Action item: The expected response is a copy of every line in the entries below that includes the word "Option".

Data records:
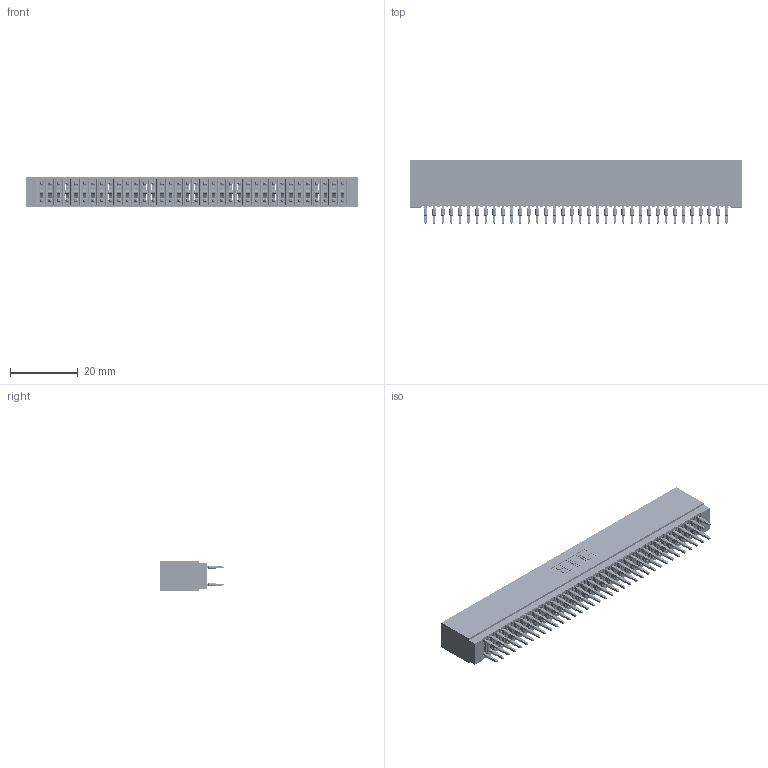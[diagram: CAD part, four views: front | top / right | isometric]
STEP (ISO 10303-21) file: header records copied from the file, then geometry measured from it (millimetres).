
FILE_DESCRIPTION (( 'STEP AP203' ), '1' );
FILE_NAME ('725-072-560-201.STEP', '2026-02-24T18:43:26', ( '' ), ( '' ), 'SwSTEP 2.0', 'SolidWorks 2023', '' );
FILE_SCHEMA (( 'CONFIG_CONTROL_DESIGN' ));
Length unit declared in the file: millimetre
Products named in the file (3): 725 Part_Insulator Option - 01; 745-292-001_560; 725-072-560-201
Assembly tree (73 placements, depth 2):
  725-072-560-201
    725 Part_Insulator Option - 01
    745-292-001_560  x72
Bounding box: 98.04 x 18.8 x 8.89 mm (x, y, z)
Volume: 8071.2 mm3; surface area: 18054.3 mm2
Topology: 73 solids, 73 shells, 7187 faces, 19658 edges, 12480 vertices
Faces by surface type: plane 3727, cylinder 1588, bspline 1440, torus 432
Entity records: 61713 total; most frequent: CARTESIAN_POINT 11209, ORIENTED_EDGE 10632, DIRECTION 9300, EDGE_CURVE 5316, VECTOR 4910, LINE 4910, VERTEX_POINT 3392, AXIS2_PLACEMENT_3D 2195
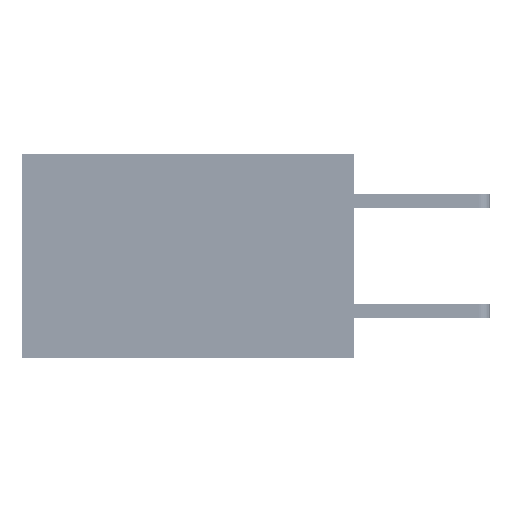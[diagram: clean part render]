
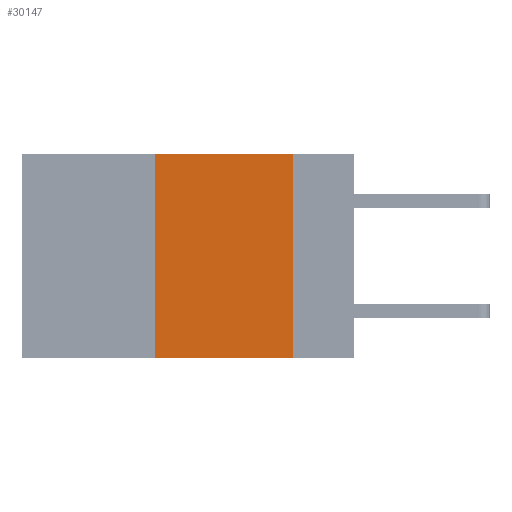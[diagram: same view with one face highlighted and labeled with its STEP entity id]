
A CAD part, left-side view. The second image highlights one B-rep face of the part: STEP entity #30147.
In plain terms, the highlighted planar face has unit normal (-1, 0, 0).
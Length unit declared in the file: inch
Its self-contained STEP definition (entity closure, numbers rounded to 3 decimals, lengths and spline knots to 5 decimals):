
#226 = EDGE_CURVE ( 'NONE', #29641, #11004, #24795, .T. ) ;
#608 = DIRECTION ( 'NONE',  ( 0., -1., 0. ) ) ;
#1185 = AXIS2_PLACEMENT_3D ( 'NONE', #5595, #28295, #34160 ) ;
#2730 = ORIENTED_EDGE ( 'NONE', *, *, #226, .F. ) ;
#3121 = EDGE_CURVE ( 'NONE', #24986, #31347, #8815, .T. ) ;
#5595 = CARTESIAN_POINT ( 'NONE',  ( 0., 0.6, 0. ) ) ;
#6008 = CARTESIAN_POINT ( 'NONE',  ( 0., 0.6, -0.37 ) ) ;
#6278 = VECTOR ( 'NONE', #608, 39.37008 ) ;
#6301 = EDGE_LOOP ( 'NONE', ( #29840, #2730, #7542, #7620 ) ) ;
#7542 = ORIENTED_EDGE ( 'NONE', *, *, #26496, .F. ) ;
#7620 = ORIENTED_EDGE ( 'NONE', *, *, #3121, .T. ) ;
#8815 = LINE ( 'NONE', #6008, #6278 ) ;
#10100 = CARTESIAN_POINT ( 'NONE',  ( 0., 0.11, -0.37 ) ) ;
#11004 = VERTEX_POINT ( 'NONE', #41100 ) ;
#14125 = DIRECTION ( 'NONE',  ( 0., 0., 1. ) ) ;
#16176 = VECTOR ( 'NONE', #27515, 39.37008 ) ;
#18427 = FACE_OUTER_BOUND ( 'NONE', #6301, .T. ) ;
#18467 = CARTESIAN_POINT ( 'NONE',  ( 0., 0.36, -0.37 ) ) ;
#20463 = LINE ( 'NONE', #24697, #26049 ) ;
#22943 = EDGE_CURVE ( 'NONE', #11004, #31347, #20463, .T. ) ;
#23544 = VECTOR ( 'NONE', #14125, 39.37008 ) ;
#24602 = LINE ( 'NONE', #40081, #23544 ) ;
#24697 = CARTESIAN_POINT ( 'NONE',  ( 0., 0.11, 0. ) ) ;
#24795 = LINE ( 'NONE', #28092, #16176 ) ;
#24986 = VERTEX_POINT ( 'NONE', #18467 ) ;
#26049 = VECTOR ( 'NONE', #41152, 39.37008 ) ;
#26496 = EDGE_CURVE ( 'NONE', #24986, #29641, #24602, .T. ) ;
#27515 = DIRECTION ( 'NONE',  ( 0., -1., 0. ) ) ;
#28092 = CARTESIAN_POINT ( 'NONE',  ( 0., 0.6, 0. ) ) ;
#28295 = DIRECTION ( 'NONE',  ( 1., 0., 0. ) ) ;
#29641 = VERTEX_POINT ( 'NONE', #29810 ) ;
#29810 = CARTESIAN_POINT ( 'NONE',  ( 0., 0.36, 0. ) ) ;
#29840 = ORIENTED_EDGE ( 'NONE', *, *, #22943, .F. ) ;
#30147 = ADVANCED_FACE ( 'NONE', ( #18427 ), #40920, .F. ) ;
#31347 = VERTEX_POINT ( 'NONE', #10100 ) ;
#34160 = DIRECTION ( 'NONE',  ( 0., 0., -1. ) ) ;
#40081 = CARTESIAN_POINT ( 'NONE',  ( 0., 0.36, 0. ) ) ;
#40920 = PLANE ( 'NONE',  #1185 ) ;
#41100 = CARTESIAN_POINT ( 'NONE',  ( 0., 0.11, 0. ) ) ;
#41152 = DIRECTION ( 'NONE',  ( 0., 0., -1. ) ) ;
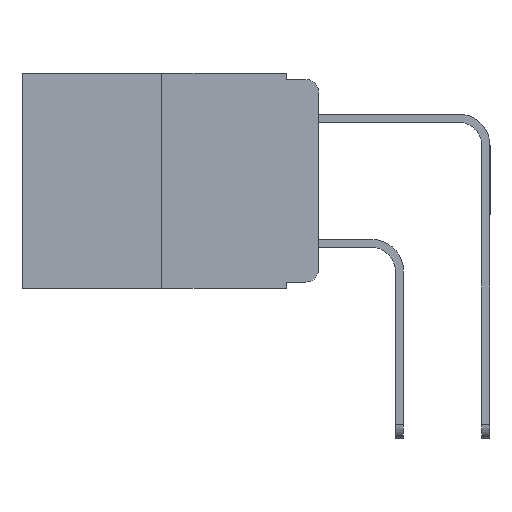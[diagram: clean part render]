
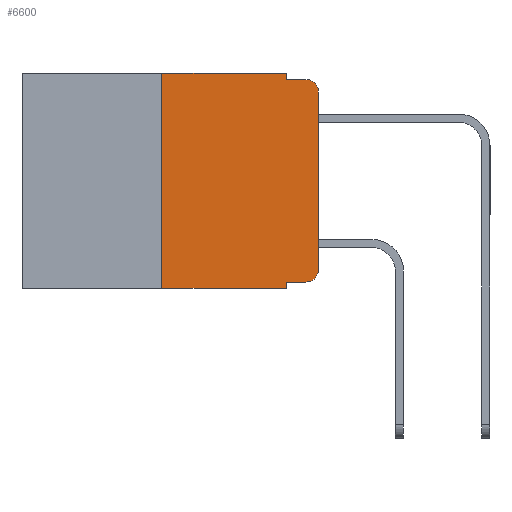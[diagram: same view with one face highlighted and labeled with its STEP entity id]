
A CAD part, left-side view. The second image highlights one B-rep face of the part: STEP entity #6600.
In plain terms, the highlighted planar face has unit normal (-1, 0, 0).
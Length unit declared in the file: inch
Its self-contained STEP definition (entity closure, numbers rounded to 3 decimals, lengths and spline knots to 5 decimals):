
#73 = CARTESIAN_POINT ( 'NONE',  ( 0., 0.473, -0.343 ) ) ;
#506 = DIRECTION ( 'NONE',  ( -1., 0., 0. ) ) ;
#793 = LINE ( 'NONE', #2796, #18432 ) ;
#807 = EDGE_CURVE ( 'NONE', #18132, #8446, #793, .T. ) ;
#945 = ORIENTED_EDGE ( 'NONE', *, *, #4193, .F. ) ;
#1334 = FACE_OUTER_BOUND ( 'NONE', #13145, .T. ) ;
#1936 = EDGE_CURVE ( 'NONE', #18132, #5987, #20560, .T. ) ;
#1990 = LINE ( 'NONE', #7441, #14467 ) ;
#2591 = VECTOR ( 'NONE', #8944, 39.37008 ) ;
#2743 = DIRECTION ( 'NONE',  ( 0., -1., 0. ) ) ;
#2796 = CARTESIAN_POINT ( 'NONE',  ( 0., 0.051, -0.333 ) ) ;
#3122 = LINE ( 'NONE', #73, #2591 ) ;
#3286 = CARTESIAN_POINT ( 'NONE',  ( 0., 0., -0.313 ) ) ;
#3845 = ORIENTED_EDGE ( 'NONE', *, *, #20163, .T. ) ;
#4193 = EDGE_CURVE ( 'NONE', #13173, #7969, #1990, .T. ) ;
#4284 = CARTESIAN_POINT ( 'NONE',  ( 0., 0.02, -0.333 ) ) ;
#4371 = ORIENTED_EDGE ( 'NONE', *, *, #6454, .F. ) ;
#4536 = CARTESIAN_POINT ( 'NONE',  ( 0., 0.051, -0.01 ) ) ;
#4718 = LINE ( 'NONE', #4536, #13338 ) ;
#5784 = CARTESIAN_POINT ( 'NONE',  ( 0., 0., 0. ) ) ;
#5813 = CARTESIAN_POINT ( 'NONE',  ( 0., 0.25, -0.343 ) ) ;
#5987 = VERTEX_POINT ( 'NONE', #8182 ) ;
#6454 = EDGE_CURVE ( 'NONE', #7633, #20318, #16309, .T. ) ;
#6481 = ORIENTED_EDGE ( 'NONE', *, *, #807, .T. ) ;
#6599 = CARTESIAN_POINT ( 'NONE',  ( 0., 0.02, -0.313 ) ) ;
#6600 = ADVANCED_FACE ( 'NONE', ( #1334 ), #14628, .F. ) ;
#6653 = EDGE_CURVE ( 'NONE', #7969, #7633, #17014, .T. ) ;
#7004 = ORIENTED_EDGE ( 'NONE', *, *, #10191, .T. ) ;
#7372 = DIRECTION ( 'NONE',  ( 0., 0., 1. ) ) ;
#7441 = CARTESIAN_POINT ( 'NONE',  ( 0., 0.25, 0. ) ) ;
#7569 = EDGE_CURVE ( 'NONE', #20318, #11058, #4718, .T. ) ;
#7633 = VERTEX_POINT ( 'NONE', #18546 ) ;
#7660 = CARTESIAN_POINT ( 'NONE',  ( 0., 0.051, -0.01 ) ) ;
#7969 = VERTEX_POINT ( 'NONE', #11612 ) ;
#8178 = VECTOR ( 'NONE', #20110, 39.37008 ) ;
#8182 = CARTESIAN_POINT ( 'NONE',  ( 0., 0.051, -0.343 ) ) ;
#8286 = DIRECTION ( 'NONE',  ( 0., 0., -1. ) ) ;
#8289 = EDGE_CURVE ( 'NONE', #12171, #11072, #17194, .T. ) ;
#8349 = CARTESIAN_POINT ( 'NONE',  ( 0., 0.051, 0. ) ) ;
#8372 = DIRECTION ( 'NONE',  ( 0., 0., -1. ) ) ;
#8446 = VERTEX_POINT ( 'NONE', #4284 ) ;
#8449 = VECTOR ( 'NONE', #10220, 39.37008 ) ;
#8625 = VECTOR ( 'NONE', #8372, 39.37008 ) ;
#8858 = EDGE_CURVE ( 'NONE', #13173, #5987, #3122, .T. ) ;
#8944 = DIRECTION ( 'NONE',  ( 0., -1., 0. ) ) ;
#9371 = DIRECTION ( 'NONE',  ( 1., 0., 0. ) ) ;
#10028 = AXIS2_PLACEMENT_3D ( 'NONE', #6599, #17673, #8286 ) ;
#10191 = EDGE_CURVE ( 'NONE', #8446, #12171, #14958, .T. ) ;
#10193 = CARTESIAN_POINT ( 'NONE',  ( 0., 0.051, 0. ) ) ;
#10220 = DIRECTION ( 'NONE',  ( 0., 0., -1. ) ) ;
#10510 = CARTESIAN_POINT ( 'NONE',  ( 0., 0.02, -0.03 ) ) ;
#10567 = CARTESIAN_POINT ( 'NONE',  ( 0., 0.02, -0.01 ) ) ;
#10633 = CARTESIAN_POINT ( 'NONE',  ( 0., 0., -0.03 ) ) ;
#10921 = CIRCLE ( 'NONE', #19716, 0.02 ) ;
#11058 = VERTEX_POINT ( 'NONE', #10567 ) ;
#11072 = VERTEX_POINT ( 'NONE', #10633 ) ;
#11612 = CARTESIAN_POINT ( 'NONE',  ( 0., 0.25, 0. ) ) ;
#11630 = CARTESIAN_POINT ( 'NONE',  ( 0., 0.473, 0. ) ) ;
#12038 = DIRECTION ( 'NONE',  ( 0., 0., -1. ) ) ;
#12078 = DIRECTION ( 'NONE',  ( 0., 0., -1. ) ) ;
#12171 = VERTEX_POINT ( 'NONE', #3286 ) ;
#12288 = AXIS2_PLACEMENT_3D ( 'NONE', #11630, #9371, #12038 ) ;
#12576 = VECTOR ( 'NONE', #13340, 39.37008 ) ;
#13014 = ORIENTED_EDGE ( 'NONE', *, *, #6653, .F. ) ;
#13145 = EDGE_LOOP ( 'NONE', ( #16196, #3845, #20752, #4371, #13014, #945, #13985, #18581, #6481, #7004 ) ) ;
#13173 = VERTEX_POINT ( 'NONE', #5813 ) ;
#13338 = VECTOR ( 'NONE', #13476, 39.37008 ) ;
#13340 = DIRECTION ( 'NONE',  ( 0., 0., 1. ) ) ;
#13476 = DIRECTION ( 'NONE',  ( 0., -1., 0. ) ) ;
#13985 = ORIENTED_EDGE ( 'NONE', *, *, #8858, .T. ) ;
#14467 = VECTOR ( 'NONE', #7372, 39.37008 ) ;
#14628 = PLANE ( 'NONE',  #12288 ) ;
#14958 = CIRCLE ( 'NONE', #10028, 0.02 ) ;
#16196 = ORIENTED_EDGE ( 'NONE', *, *, #8289, .T. ) ;
#16309 = LINE ( 'NONE', #10193, #8449 ) ;
#17014 = LINE ( 'NONE', #19093, #8178 ) ;
#17194 = LINE ( 'NONE', #5784, #12576 ) ;
#17673 = DIRECTION ( 'NONE',  ( -1., 0., 0. ) ) ;
#18132 = VERTEX_POINT ( 'NONE', #18784 ) ;
#18432 = VECTOR ( 'NONE', #2743, 39.37008 ) ;
#18546 = CARTESIAN_POINT ( 'NONE',  ( 0., 0.051, 0. ) ) ;
#18581 = ORIENTED_EDGE ( 'NONE', *, *, #1936, .F. ) ;
#18784 = CARTESIAN_POINT ( 'NONE',  ( 0., 0.051, -0.333 ) ) ;
#19093 = CARTESIAN_POINT ( 'NONE',  ( 0., 0.473, 0. ) ) ;
#19716 = AXIS2_PLACEMENT_3D ( 'NONE', #10510, #506, #12078 ) ;
#20110 = DIRECTION ( 'NONE',  ( 0., -1., 0. ) ) ;
#20163 = EDGE_CURVE ( 'NONE', #11072, #11058, #10921, .T. ) ;
#20318 = VERTEX_POINT ( 'NONE', #7660 ) ;
#20560 = LINE ( 'NONE', #8349, #8625 ) ;
#20752 = ORIENTED_EDGE ( 'NONE', *, *, #7569, .F. ) ;

Completed exercise:
Products named in the file (3): 725 Part_Insulator Option - 01; 745-292-001_560; 725-072-560-201
    725 Part_Insulator Option - 01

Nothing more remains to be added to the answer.